Continental Airlines extends its partnership with HP beyond hardware to ensure efficient service management for staging and implementation across 281 sites worldwide.

Collaboration supports refresh success Continental Airlines, the fifth-largest airline in the world, operates more than 2,900 flights every day to 144 domestic and 139 international destinations throughout the Americas, Europe and Asia.

For years, Continental’s managed technology services were handled by a single supplier. To enhance competition, reduce costs and improve agility, Bob Edwards (pictured), Continental’s Vice President of Systems Operations, decided in 2006 to engage multiple suppliers.

Terms of engagement

With the help of an outsourcing consultant, Edwards split the managed services to be tendered out into seven categories. Edwards’ preference was to choose suppliers who, although they might be awarded only one category, were capable of competing in several categories. That way Continental wouldn’t get locked into a supplier relationship. And for their part, incumbent suppliers would understand that Continental always had an alternative.

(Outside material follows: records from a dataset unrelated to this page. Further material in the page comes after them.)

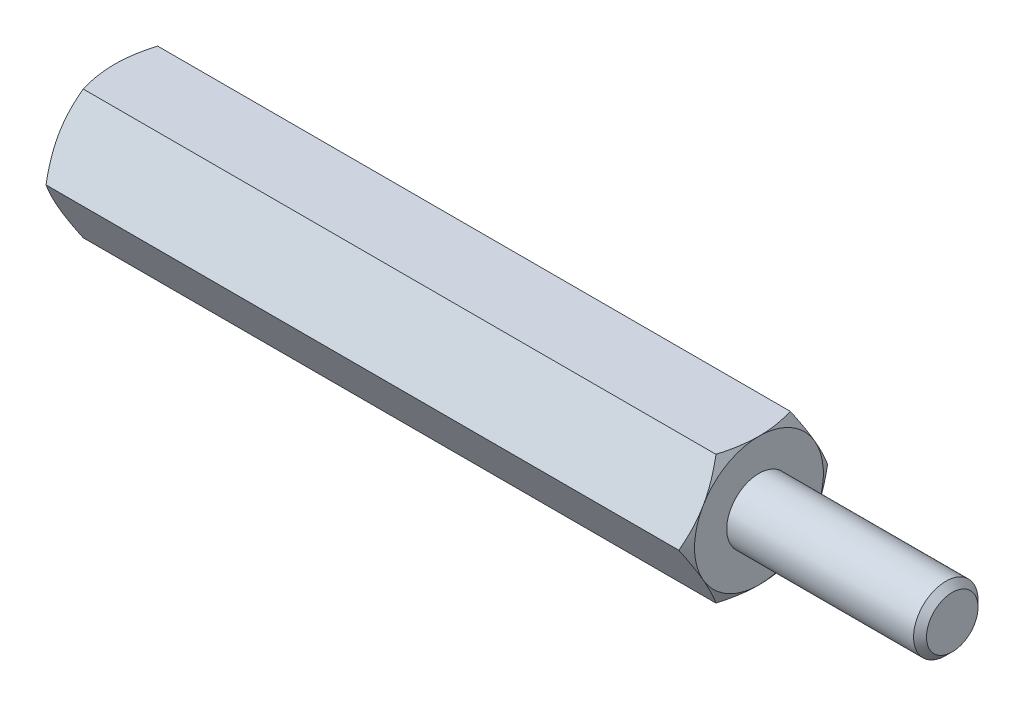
ISO-10303-21;
HEADER;
FILE_DESCRIPTION(('STEP AP214'),'2;1');
FILE_NAME('part.step','',(''),(''),'','','');
FILE_SCHEMA(('AUTOMOTIVE_DESIGN { 1 0 10303 214 1 1 1 1 }'));
ENDSEC;
DATA;
#1=APPLICATION_CONTEXT('core data for automotive mechanical design processes');
#2=APPLICATION_PROTOCOL_DEFINITION('international standard','automotive_design',2000,#1);
#3=PRODUCT_CONTEXT('',#1,'mechanical');
#4=PRODUCT('Part','Part','',(#3));
#5=PRODUCT_RELATED_PRODUCT_CATEGORY('part','',(#4));
#6=PRODUCT_DEFINITION_FORMATION('','',#4);
#7=PRODUCT_DEFINITION_CONTEXT('part definition',#1,'design');
#8=PRODUCT_DEFINITION('design','',#6,#7);
#9=PRODUCT_DEFINITION_SHAPE('','',#8);
#10=(LENGTH_UNIT() NAMED_UNIT(*) SI_UNIT(.MILLI.,.METRE.));
#11=(NAMED_UNIT(*) PLANE_ANGLE_UNIT() SI_UNIT($,.RADIAN.));
#12=(NAMED_UNIT(*) SI_UNIT($,.STERADIAN.) SOLID_ANGLE_UNIT());
#13=UNCERTAINTY_MEASURE_WITH_UNIT(LENGTH_MEASURE(1.E-05),#10,'distance_accuracy_value','');
#14=(GEOMETRIC_REPRESENTATION_CONTEXT(3) GLOBAL_UNCERTAINTY_ASSIGNED_CONTEXT((#13)) GLOBAL_UNIT_ASSIGNED_CONTEXT((#10,
#11,#12)) REPRESENTATION_CONTEXT('',''));
#15=CARTESIAN_POINT('',(0.,0.,0.));
#16=DIRECTION('',(0.,0.,1.));
#17=DIRECTION('',(1.,0.,0.));
#18=AXIS2_PLACEMENT_3D('',#15,#16,#17);
#19=CARTESIAN_POINT('',(10.,2.,-1.15470053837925));
#20=DIRECTION('',(1.,0.,0.));
#21=DIRECTION('',(0.,0.,-1.));
#22=AXIS2_PLACEMENT_3D('',#19,#20,#21);
#23=PLANE('',#22);
#24=CARTESIAN_POINT('',(10.,0.,0.));
#25=DIRECTION('',(1.,0.,0.));
#26=DIRECTION('',(0.,0.,-1.));
#27=AXIS2_PLACEMENT_3D('',#24,#25,#26);
#28=CIRCLE('',#27,2.);
#29=CARTESIAN_POINT('',(10.,-1.,-1.73205080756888));
#30=VERTEX_POINT('',#29);
#31=CARTESIAN_POINT('',(10.,0.999999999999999,-1.73205080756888));
#32=VERTEX_POINT('',#31);
#33=EDGE_CURVE('E288',#30,#32,#28,.T.);
#34=ORIENTED_EDGE('',*,*,#33,.T.);
#35=CARTESIAN_POINT('',(10.,2.,0.));
#36=VERTEX_POINT('',#35);
#37=EDGE_CURVE('E53',#32,#36,#28,.T.);
#38=ORIENTED_EDGE('',*,*,#37,.T.);
#39=CARTESIAN_POINT('',(10.,0.999999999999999,1.73205080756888));
#40=VERTEX_POINT('',#39);
#41=EDGE_CURVE('E295',#36,#40,#28,.T.);
#42=ORIENTED_EDGE('',*,*,#41,.T.);
#43=CARTESIAN_POINT('',(10.,-1.,1.73205080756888));
#44=VERTEX_POINT('',#43);
#45=EDGE_CURVE('E300',#40,#44,#28,.T.);
#46=ORIENTED_EDGE('',*,*,#45,.T.);
#47=CARTESIAN_POINT('',(10.,0.,0.));
#48=DIRECTION('',(-1.,0.,0.));
#49=DIRECTION('',(0.,-1.,0.));
#50=AXIS2_PLACEMENT_3D('',#47,#48,#49);
#51=CIRCLE('',#50,2.);
#52=CARTESIAN_POINT('',(10.,-2.,0.));
#53=VERTEX_POINT('',#52);
#54=EDGE_CURVE('E193',#53,#44,#51,.T.);
#55=ORIENTED_EDGE('',*,*,#54,.F.);
#56=EDGE_CURVE('E61',#53,#30,#28,.T.);
#57=ORIENTED_EDGE('',*,*,#56,.T.);
#58=EDGE_LOOP('',(#34,#38,#42,#46,#55,#57));
#59=FACE_BOUND('',#58,.T.);
#60=CARTESIAN_POINT('',(10.,0.,0.));
#61=DIRECTION('',(1.,0.,0.));
#62=DIRECTION('',(0.,0.,-1.));
#63=AXIS2_PLACEMENT_3D('',#60,#61,#62);
#64=CIRCLE('',#63,1.);
#65=CARTESIAN_POINT('',(10.,0.,-1.));
#66=VERTEX_POINT('',#65);
#67=EDGE_CURVE('E324',#66,#66,#64,.T.);
#68=ORIENTED_EDGE('',*,*,#67,.F.);
#69=EDGE_LOOP('',(#68));
#70=FACE_BOUND('',#69,.T.);
#71=ADVANCED_FACE('F37',(#59,#70),#23,.T.);
#72=CARTESIAN_POINT('',(10.,0.,-2.3094010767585));
#73=DIRECTION('',(0.,-0.5,0.866025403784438));
#74=DIRECTION('',(0.,-0.866025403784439,-0.5));
#75=AXIS2_PLACEMENT_3D('',#72,#73,#74);
#76=PLANE('',#75);
#77=CARTESIAN_POINT('',(9.8213005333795,-0.000200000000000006,-2.30951654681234));
#78=CARTESIAN_POINT('',(9.85061046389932,0.0876912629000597,-2.25877250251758));
#79=CARTESIAN_POINT('',(9.87726714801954,0.176341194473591,-2.20759044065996));
#80=CARTESIAN_POINT('',(9.92379750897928,0.355176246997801,-2.10433997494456));
#81=CARTESIAN_POINT('',(9.94365472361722,0.445364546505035,-2.05226973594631));
#82=CARTESIAN_POINT('',(9.97456653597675,0.624623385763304,-1.94877459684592));
#83=CARTESIAN_POINT('',(9.98582684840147,0.713666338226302,-1.89736562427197));
#84=CARTESIAN_POINT('',(9.99927133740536,0.892171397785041,-1.79430568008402));
#85=CARTESIAN_POINT('',(10.0014666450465,0.981632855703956,-1.74265508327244));
#86=CARTESIAN_POINT('',(9.99690901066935,1.1488083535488,-1.64613626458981));
#87=CARTESIAN_POINT('',(9.99127512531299,1.22654737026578,-1.60125362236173));
#88=CARTESIAN_POINT('',(9.97341610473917,1.38151891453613,-1.51178075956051));
#89=CARTESIAN_POINT('',(9.96118486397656,1.4587509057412,-1.46719084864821));
#90=CARTESIAN_POINT('',(9.93060656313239,1.6140421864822,-1.37753338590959));
#91=CARTESIAN_POINT('',(9.91212983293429,1.69208181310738,-1.33247718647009));
#92=CARTESIAN_POINT('',(9.87019448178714,1.84699686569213,-1.24303693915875));
#93=CARTESIAN_POINT('',(9.84674571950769,1.92387427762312,-1.1986517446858));
#94=CARTESIAN_POINT('',(9.8213005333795,2.0002,-1.15458506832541));
#95=B_SPLINE_CURVE_WITH_KNOTS('',3,(#77,#78,#79,#80,#81,#82,#83,#84,#85,#86,#87,#88,#89,#90,#91,
#92,#93,#94),.UNSPECIFIED.,.F.,.F.,(4,2,2,2,2,2,2,2,4),(0.,0.317031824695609,0.634825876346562,
0.944753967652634,1.25430138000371,1.52387047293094,1.79368946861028,2.06949491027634,
2.34475850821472),.UNSPECIFIED.);
#96=CARTESIAN_POINT('',(9.82136720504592,0.,-2.3094010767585));
#97=VERTEX_POINT('',#96);
#98=EDGE_CURVE('E311',#97,#32,#95,.T.);
#99=ORIENTED_EDGE('',*,*,#98,.F.);
#100=DIRECTION('',(-1.,0.,0.));
#101=VECTOR('',#100,1.);
#102=CARTESIAN_POINT('',(10.,0.,-2.3094010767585));
#103=LINE('',#102,#101);
#104=CARTESIAN_POINT('',(-9.82136720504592,0.,-2.3094010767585));
#105=VERTEX_POINT('',#104);
#106=EDGE_CURVE('E264',#97,#105,#103,.T.);
#107=ORIENTED_EDGE('',*,*,#106,.T.);
#108=CARTESIAN_POINT('',(-9.8213005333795,2.0002,-1.15458506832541));
#109=CARTESIAN_POINT('',(-9.85061046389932,1.91230873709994,-1.20532911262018));
#110=CARTESIAN_POINT('',(-9.87726714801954,1.82365880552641,-1.2565111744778));
#111=CARTESIAN_POINT('',(-9.92379750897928,1.6448237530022,-1.35976164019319));
#112=CARTESIAN_POINT('',(-9.94365472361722,1.55463545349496,-1.41183187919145));
#113=CARTESIAN_POINT('',(-9.97456653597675,1.37537661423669,-1.51532701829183));
#114=CARTESIAN_POINT('',(-9.98582684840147,1.2863336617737,-1.56673599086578));
#115=CARTESIAN_POINT('',(-9.99927133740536,1.10782860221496,-1.66979593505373));
#116=CARTESIAN_POINT('',(-10.0014666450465,1.01836714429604,-1.72144653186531));
#117=CARTESIAN_POINT('',(-9.99690901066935,0.851191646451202,-1.81796535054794));
#118=CARTESIAN_POINT('',(-9.99127512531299,0.773452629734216,-1.86284799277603));
#119=CARTESIAN_POINT('',(-9.97341610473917,0.618481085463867,-1.95232085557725));
#120=CARTESIAN_POINT('',(-9.96118486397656,0.541249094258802,-1.99691076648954));
#121=CARTESIAN_POINT('',(-9.93060656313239,0.385957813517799,-2.08656822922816));
#122=CARTESIAN_POINT('',(-9.91212983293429,0.307918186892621,-2.13162442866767));
#123=CARTESIAN_POINT('',(-9.87019448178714,0.153003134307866,-2.221064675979));
#124=CARTESIAN_POINT('',(-9.84674571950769,0.0761257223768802,-2.26544987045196));
#125=CARTESIAN_POINT('',(-9.8213005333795,-0.000200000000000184,-2.30951654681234));
#126=B_SPLINE_CURVE_WITH_KNOTS('',3,(#108,#109,#110,#111,#112,#113,#114,#115,#116,#117,#118,
#119,#120,#121,#122,#123,#124,#125),.UNSPECIFIED.,.F.,.F.,(4,2,2,2,2,2,2,2,4),(0.,
0.317031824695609,0.634825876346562,0.944753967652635,1.25430138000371,1.52387047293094,
1.79368946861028,2.06949491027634,2.34475850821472),.UNSPECIFIED.);
#127=CARTESIAN_POINT('',(-10.,0.999999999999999,-1.73205080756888));
#128=VERTEX_POINT('',#127);
#129=EDGE_CURVE('E340',#128,#105,#126,.T.);
#130=ORIENTED_EDGE('',*,*,#129,.F.);
#131=CARTESIAN_POINT('',(-9.82136720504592,2.,-1.15470053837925));
#132=VERTEX_POINT('',#131);
#133=EDGE_CURVE('E343',#132,#128,#126,.T.);
#134=ORIENTED_EDGE('',*,*,#133,.F.);
#135=DIRECTION('',(-1.,0.,0.));
#136=VECTOR('',#135,1.);
#137=CARTESIAN_POINT('',(10.,2.,-1.15470053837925));
#138=LINE('',#137,#136);
#139=CARTESIAN_POINT('',(9.821367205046,2.,-1.15470053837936));
#140=VERTEX_POINT('',#139);
#141=EDGE_CURVE('E279',#140,#132,#138,.T.);
#142=ORIENTED_EDGE('',*,*,#141,.F.);
#143=EDGE_CURVE('E229',#32,#140,#95,.T.);
#144=ORIENTED_EDGE('',*,*,#143,.F.);
#145=EDGE_LOOP('',(#99,#107,#130,#134,#142,#144));
#146=FACE_BOUND('',#145,.T.);
#147=ADVANCED_FACE('F148',(#146),#76,.F.);
#148=CARTESIAN_POINT('',(10.,2.,-1.15470053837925));
#149=DIRECTION('',(0.,-1.,0.));
#150=DIRECTION('',(0.,0.,-1.));
#151=AXIS2_PLACEMENT_3D('',#148,#149,#150);
#152=PLANE('',#151);
#153=CARTESIAN_POINT('',(9.0041453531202,2.,-3.14239762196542));
#154=CARTESIAN_POINT('',(9.04685680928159,2.,-3.05468337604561));
#155=CARTESIAN_POINT('',(9.08917030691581,2.,-2.96677207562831));
#156=CARTESIAN_POINT('',(9.17277831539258,2.,-2.79045070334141));
#157=CARTESIAN_POINT('',(9.21407267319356,2.,-2.70204055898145));
#158=CARTESIAN_POINT('',(9.29561838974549,2.,-2.52418069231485));
#159=CARTESIAN_POINT('',(9.33586319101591,2.,-2.43472795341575));
#160=CARTESIAN_POINT('',(9.41475904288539,2.,-2.25512498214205));
#161=CARTESIAN_POINT('',(9.45341016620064,2.,-2.16497478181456));
#162=CARTESIAN_POINT('',(9.52996617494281,2.,-1.98078525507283));
#163=CARTESIAN_POINT('',(9.56780217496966,2.,-1.88671714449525));
#164=CARTESIAN_POINT('',(9.64070044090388,2.,-1.69751412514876));
#165=CARTESIAN_POINT('',(9.67576294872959,2.,-1.60237931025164));
#166=CARTESIAN_POINT('',(9.74223535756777,2.,-1.41102905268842));
#167=CARTESIAN_POINT('',(9.77365196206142,2.,-1.31481596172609));
#168=CARTESIAN_POINT('',(9.83184764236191,2.,-1.12101028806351));
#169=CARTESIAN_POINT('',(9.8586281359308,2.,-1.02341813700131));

HP had the full-spectrum capabilities Edwards was looking for, and he was already familiar with the company as Continental’s long-time prime technology provider. The airline relies on HP server blades, having standardized on ProLiant BL460c and BL480c models for its data centers and non-blade ProLiant servers for remote locations. The environment is rounded out by almost a dozen HP BladeSystem c7000 enclosures populated with BL460s, 60 quad-core and 40 dual-core HP BladeSystem p-class blades, and a mix of HP StorageWorks Enterprise Virtual Arrays with a total capacity of about 160 terabytes. Continental also uses HP PCs and laptops.

New services

At the same time of the managed services RFP, a new “bucket” of services—Technology Services and Technology Managed Services—was drawn up by Continental to provide for the staging and implementation of the airline’s PCs, servers, network equipment and UPSs worldwide. As Continental’s hardware platform of choice, HP was the logical selection to provide these services, which embrace 281 airport sites, including hubs (major airports where the airline runs extended operations such as maintenance), and corporate headquarters. The contract involves implementing new systems, plus the associated consulting, imaging and staging that is required.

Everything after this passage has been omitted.